Typically, in Modern C++, you won’t be using raw pointers; however, the above problem can be replicated with any weak reference type. Keep your lifetimes hierarchical.

The one case where we still rely on a raw pointer is passing a non-owning pointer to an immutable type to a function.

struct SomeType {};

void some_func(const SomeType *ptr) {
if (ptr == nullptr) return;
*ptr; // process the data in SomeType
}

Open the example in Compiler Explorer.

If you see (or write) this type of function, the intention is:

  1. it is the responsibility of the caller that the pointer is valid and pointing to an object that will stay alive during the function call (or nullptr)
  2. the function is only expected to read the state of the object
  3. the function should not store this pointer for later use (since that invalidates the contract in 1.)

References

We will revisit pointers later in the course. For now, we will stick with another built-in tool for reference semantics: references.

You might have noticed that using pointers is relatively heavy in syntax. For example, we must use the address-of operator to obtain an address. To access the original value, we must dereference and check for nullptr while at it.

A reference is internally a pointer. Unlike a pointer, a reference cannot be re-pointed and behaves as the referenced variable syntactically. This means we do not have to use either of the address-of/dereference operators.

int64_t x = 42;
int64_t &i = x; // reference to int64_t, referencing x
i = 20;
// i == x == 20

const int64_t &j = x; // immutable reference
// j == i == x == 20

Open the example in Compiler Explorer.

Because a reference behaves as the original variable, creating a reference to a reference creates a reference to the original variable (unlike with pointers).

int64_t x = 10;
int64_t &y = x;
int64_t &z = y;
z = 42;
// x == y == z == 42

Open the example in Compiler Explorer.

One of the use cases for references is operator overloading. We will go over this topic in detail later in the course. For now, let’s look at stream insertion and extraction. This is how you can enable stream input and output for custom types.

#include <iostream>
#include <iomanip>

struct Person {
int64_t id;
std::string name;
};

// Stream insertion operator
// - left argument ostream, we will mutate
// - right argument Person, we will only read
// - result, the ostream passed in as left argument
std::ostream& operator <<(std::ostream& out, const Person& p) {
// remember operator evaluation rules: left-to-right
// return (((out << p.id) << " ") << std::quoted(p.name))
// this is why we return the stream, so we can chain
return out << p.id << " " << std::quoted(p.name);
}

// Stream extraction operator
// - left argument istream, we will mutate
// - right argument Person, we will mutate
// - result, the istream passed in as left argument
std::istream& operator >>(std::istream& in, Person& p) {
return in >> p.id >> std::quoted(p.name);
}

int main() {
Person p1{1,"John Doe"};
Person p2{2,"Jane Doe"};

std::cout << p1 << "\n" << p2 << "\n";
// prints:
// 1 "John Doe"
// 2 "Jane Doe"

Person p3;
// For input: 3 "Taddeo Hilda"
std::cin >> p3;
std::cout << p3;
// prints:
// 3 "Taddeo Hilda"
}

Open the example in Compiler Explorer.

Safety

Because references are pointers (with better syntax), most of the same safety rules apply.

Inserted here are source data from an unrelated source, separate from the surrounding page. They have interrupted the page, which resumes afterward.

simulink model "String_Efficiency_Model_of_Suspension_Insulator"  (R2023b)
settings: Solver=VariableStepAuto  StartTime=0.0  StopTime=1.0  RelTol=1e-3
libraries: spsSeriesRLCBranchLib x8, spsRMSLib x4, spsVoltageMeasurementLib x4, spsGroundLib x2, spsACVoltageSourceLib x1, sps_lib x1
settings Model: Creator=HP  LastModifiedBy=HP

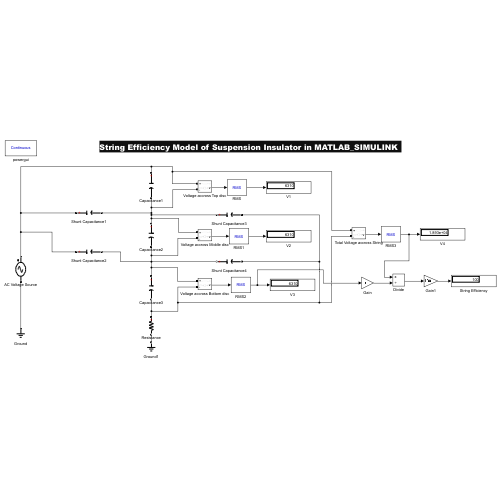
[thumbnail: Simulink's stored preview of the top-level diagram]
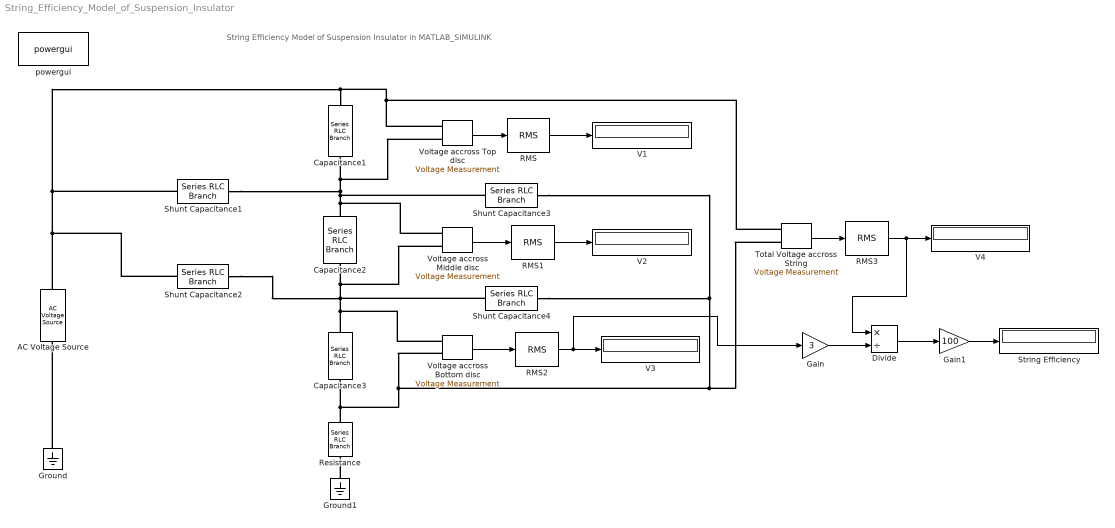
== system String_Efficiency_Model_of_Suspension_Insulator ==
  note: String Efficiency Model of Suspension Insulator in MATLAB_SIMULINK
  AC Voltage Source : spsACVoltageSourceLib/AC Voltage Source  Amplitude=1.414*19.05e3  Phase=0  Frequency=60  SampleTime=0  Measurements=None  BusType=swing  Pref=10e3  Qref=0  Qmin=-inf  Qmax=+inf
  Capacitance1 : spsSeriesRLCBranchLib/Series RLC Branch  LConnTagsString=__new0  RConnTagsString=__new0  BranchType=C  Resistance=1  Inductance=1e-3  SetiL0=off  InitialCurrent=0  Capacitance=1e-6  Setx0=off  InitialVoltage=0  Measurements=None
  Capacitance2 : spsSeriesRLCBranchLib/Series RLC Branch  LConnTagsString=__new0  RConnTagsString=__new0  BranchType=C  Resistance=1  Inductance=1e-3  SetiL0=off  InitialCurrent=0  Capacitance=1e-6  Setx0=off  InitialVoltage=0  Measurements=None
  Capacitance3 : spsSeriesRLCBranchLib/Series RLC Branch  LConnTagsString=__new0  RConnTagsString=__new0  BranchType=C  Resistance=1  Inductance=1e-3  SetiL0=off  InitialCurrent=0  Capacitance=1e-6  Setx0=off  InitialVoltage=0  Measurements=None
  Divide : Product  Inputs=*/
  Gain : Gain  Gain=3
  Gain1 : Gain  Gain=100
  Ground : spsGroundLib/Ground  LConnTagsString=a
  Ground1 : spsGroundLib/Ground  LConnTagsString=a
  RMS{,1..3} (4 alike) : spsRMSLib/RMS  TrueRMS=on  Freq=60  RMSInit=0  Ts=0
  Resistance : spsSeriesRLCBranchLib/Series RLC Branch  LConnTagsString=__new0  RConnTagsString=__new0  BranchType=R  Resistance=1  Inductance=1e-3  SetiL0=off  InitialCurrent=0  Capacitance=1e-6  Setx0=off  InitialVoltage=0  Measurements=None
  Shunt Capacitance1 : spsSeriesRLCBranchLib/Series RLC Branch  LConnTagsString=__new0  RConnTagsString=__new0  BranchType=C  Resistance=1  Inductance=1e-3  SetiL0=off  InitialCurrent=0  Capacitance=0.1e-6  Setx0=off  InitialVoltage=0  Measurements=None
  Shunt Capacitance2 : spsSeriesRLCBranchLib/Series RLC Branch  LConnTagsString=__new0  RConnTagsString=__new0  BranchType=C  Resistance=1  Inductance=1e-3  SetiL0=off  InitialCurrent=0  Capacitance=0.1e-6  Setx0=off  InitialVoltage=0  Measurements=None
  Shunt Capacitance3 : spsSeriesRLCBranchLib/Series RLC Branch  LConnTagsString=__new0  RConnTagsString=__new0  BranchType=C  Resistance=1  Inductance=1e-3  SetiL0=off  InitialCurrent=0  Capacitance=0.05e-6  Setx0=off  InitialVoltage=0  Measurements=None
  Shunt Capacitance4 : spsSeriesRLCBranchLib/Series RLC Branch  LConnTagsString=__new0  RConnTagsString=__new0  BranchType=C  Resistance=1  Inductance=1e-3  SetiL0=off  InitialCurrent=0  Capacitance=0.2e-6  Setx0=off  InitialVoltage=0  Measurements=None
  String Efficiency : Display
  Total Voltage accross String : spsVoltageMeasurementLib/Voltage Measurement  PhasorSimulation=off  OutputType=Complex  PSBequivalent=0
  V{1..4} (4 alike) : Display
  Voltage accross Bottom disc : spsVoltageMeasurementLib/Voltage Measurement  PhasorSimulation=off  OutputType=Complex  PSBequivalent=0
  Voltage accross Middle disc : spsVoltageMeasurementLib/Voltage Measurement  PhasorSimulation=off  OutputType=Complex  PSBequivalent=0
  Voltage accross Top disc : spsVoltageMeasurementLib/Voltage Measurement  PhasorSimulation=off  OutputType=Complex  PSBequivalent=0
  powergui : sps_lib/powergui  Priority=1  SimulationMode=Continuous  SampleTime=50e-6  frequency=60  Iterations=50  frequencyindice=60  Pbase=100e6  ErrMax=1e-4  UnitsV=kV  UnitsW=MW  buscounter=0  FunctionMessages=off  echomessages=off  EnableUseOfTLC=off  CurrentSourceSwitches=off  DisableSnubberDevices=off  DisableRonSwitches=off  DisableVfSwitches=off  DisplayEquations=off  AutomaticDiscreteSolvers=off  SolverType=Tustin/Backward Euler (TBE)  Interpol=off  ExternalGateDelay=off  methode=off  Ts=100  x0status=blocks  SPID=on  SwTol=0  HookPort=off  NonlinearTolerance=1e-4  nMaxIteration=100  ContinueOnMaxIteration=off  RestoreLinks=warning  ResistiveCurrentMeasurement=off  Frange=[0:2:500]  Ylog=off  Xlog=on  ShowGrid=off  save=off  variable=ZData  structure=0  ZoomFFT=off  StartTime=0.0  cycles=1  DisplayStyle=1  fundamental=60  FreqAxis=off  MaxFrequency=1000  frequencyindicesteady=1  RmsSteady=1  display=off
  wires:
  Voltage accross Top disc/1 -> RMS/1
  RMS/1 -> V1/1
  Voltage accross Middle disc/1 -> RMS1/1
  Voltage accross Bottom disc/1 -> RMS2/1
  RMS1/1 -> V2/1
  RMS2/1 -> Gain/1, V3/1
  Total Voltage accross String/1 -> RMS3/1
  RMS3/1 -> V4/1, Divide/1
  Gain/1 -> Divide/2
  Divide/1 -> Gain1/1
  Gain1/1 -> String Efficiency/1
  connections:
  Ground/LConn1 -- AC Voltage Source/LConn1
  Capacitance2/LConn1 -- Voltage accross Middle disc/LConn1 -- Shunt Capacitance1/RConn1 -- Voltage accross Top disc/LConn2 -- Capacitance1/RConn1 -- Shunt Capacitance3/LConn1
  Capacitance3/LConn1 -- Voltage accross Bottom disc/LConn1 -- Voltage accross Middle disc/LConn2 -- Capacitance2/RConn1 -- Shunt Capacitance4/LConn1 -- Shunt Capacitance2/RConn1
  AC Voltage Source/RConn1 -- Shunt Capacitance1/LConn1 -- Capacitance1/LConn1 -- Total Voltage accross String/LConn1 -- Voltage accross Top disc/LConn1 -- Shunt Capacitance2/LConn1
  Resistance/LConn1 -- Capacitance3/RConn1 -- Shunt Capacitance4/RConn1 -- Shunt Capacitance3/RConn1 -- Total Voltage accross String/LConn2 -- Voltage accross Bottom disc/LConn2
  Ground1/LConn1 -- Resistance/RConn1
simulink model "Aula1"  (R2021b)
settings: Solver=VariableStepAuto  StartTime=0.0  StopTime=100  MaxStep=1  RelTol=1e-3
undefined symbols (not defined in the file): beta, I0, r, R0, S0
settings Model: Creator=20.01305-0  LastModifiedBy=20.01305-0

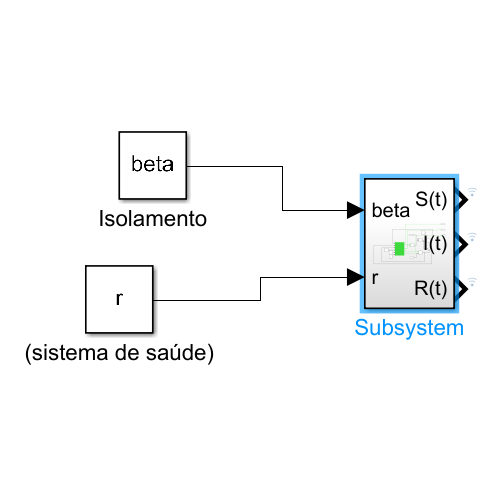
[thumbnail: Simulink's stored preview of the top-level diagram]
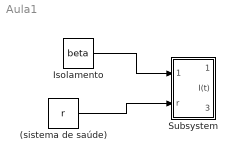
== system Aula1 ==
  (sistema de saúde) : Constant  Value=r
  Isolamento : Constant  Value=beta  SampleTime=beta
  Subsystem : Subsystem
  wires:
  Isolamento/1 -> Subsystem/1(beta)
  (sistema de saúde)/1 -> Subsystem/2(r)

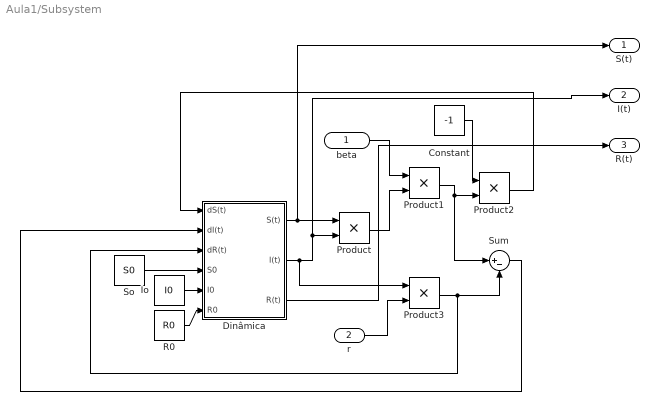
== system Aula1/Subsystem ==
  beta : Inport
  r : Inport  Port=2
  Constant : Constant  Value=-1
  Dinâmica : Subsystem
  Io : Constant  Value=I0
  Product{,1..3} (4 alike) : Product
  R0 : Constant  Value=R0
  So : Constant  Value=S0  SampleTime=S0
  Sum : Sum  Inputs=|+-
  S(t) : Outport
  I(t) : Outport  Port=2
  R(t) : Outport  Port=3
  wires:
  Io/1 -> Dinâmica/5(I0)
  Dinâmica/3(R(t)) -> R(t)/1
  So/1 -> Dinâmica/4(S0)
  Sum/1 -> Dinâmica/2(dI(t))
  Product/1 -> Product1/2
  R0/1 -> Dinâmica/6(R0)
  Product3/1 -> Dinâmica/3(dR(t)), Sum/2
  Product2/1 -> Dinâmica/1(dS(t))
  beta/1 -> Product1/1
  Constant/1 -> Product2/1
  Product1/1 -> Sum/1, Product2/2
  r/1 -> Product3/2
  Dinâmica/1(S(t)) -> S(t)/1, Product/1
  Dinâmica/2(I(t)) -> Product3/1, I(t)/1, Product/2

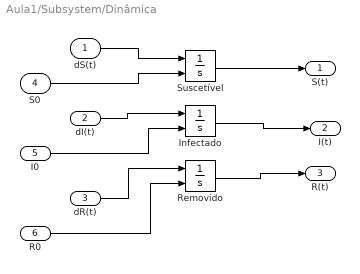
== system Aula1/Subsystem/Dinâmica ==
  dS(t) : Inport
  dI(t) : Inport  Port=2
  dR(t) : Inport  Port=3
  S0 : Inport  Port=4
  I0 : Inport  Port=5
  R0 : Inport  Port=6
  Infectado : Integrator  InitialConditionSource=external
  Removido : Integrator  InitialConditionSource=external
  Suscetível : Integrator  InitialConditionSource=external
  S(t) : Outport
  I(t) : Outport  Port=2
  R(t) : Outport  Port=3
  wires:
  Removido/1 -> R(t)/1
  S0/1 -> Suscetível/2
  dS(t)/1 -> Suscetível/1
  I0/1 -> Infectado/2
  R0/1 -> Removido/2
  Suscetível/1 -> S(t)/1
  dI(t)/1 -> Infectado/1
  dR(t)/1 -> Removido/1
  Infectado/1 -> I(t)/1

On top of that, we have one more case to consider. In Modern C++, a function would rarely return a raw pointer. However, the same cannot be said about references (we did it in the previous example).

When returning a reference, it is essential to take care of the lifetime of the object to which we are returning a reference. You should never return a reference to a local variable. The two valid cases are: pass-through, where we return one of the arguments we took by reference and getters on compound objects.

struct Compound {
int64_t x;
int64_t& get_x() { return x; }
};

int64_t& passthrough(int64_t& v) {
v += 1;
return v;
}


Compound c{5};
c.get_x() = 20;
// c.x == 20

int64_t p = 42;
passthrough(p) += 10;
// p == 53

Open the example in Compiler Explorer.

Revisiting the range-for-loop

References unlock the full potential of the range-for-loop. Not only can we avoid copying each element (which is wasteful), but if we use a mutable reference, we can modify the original elements of the container as we iterate over them.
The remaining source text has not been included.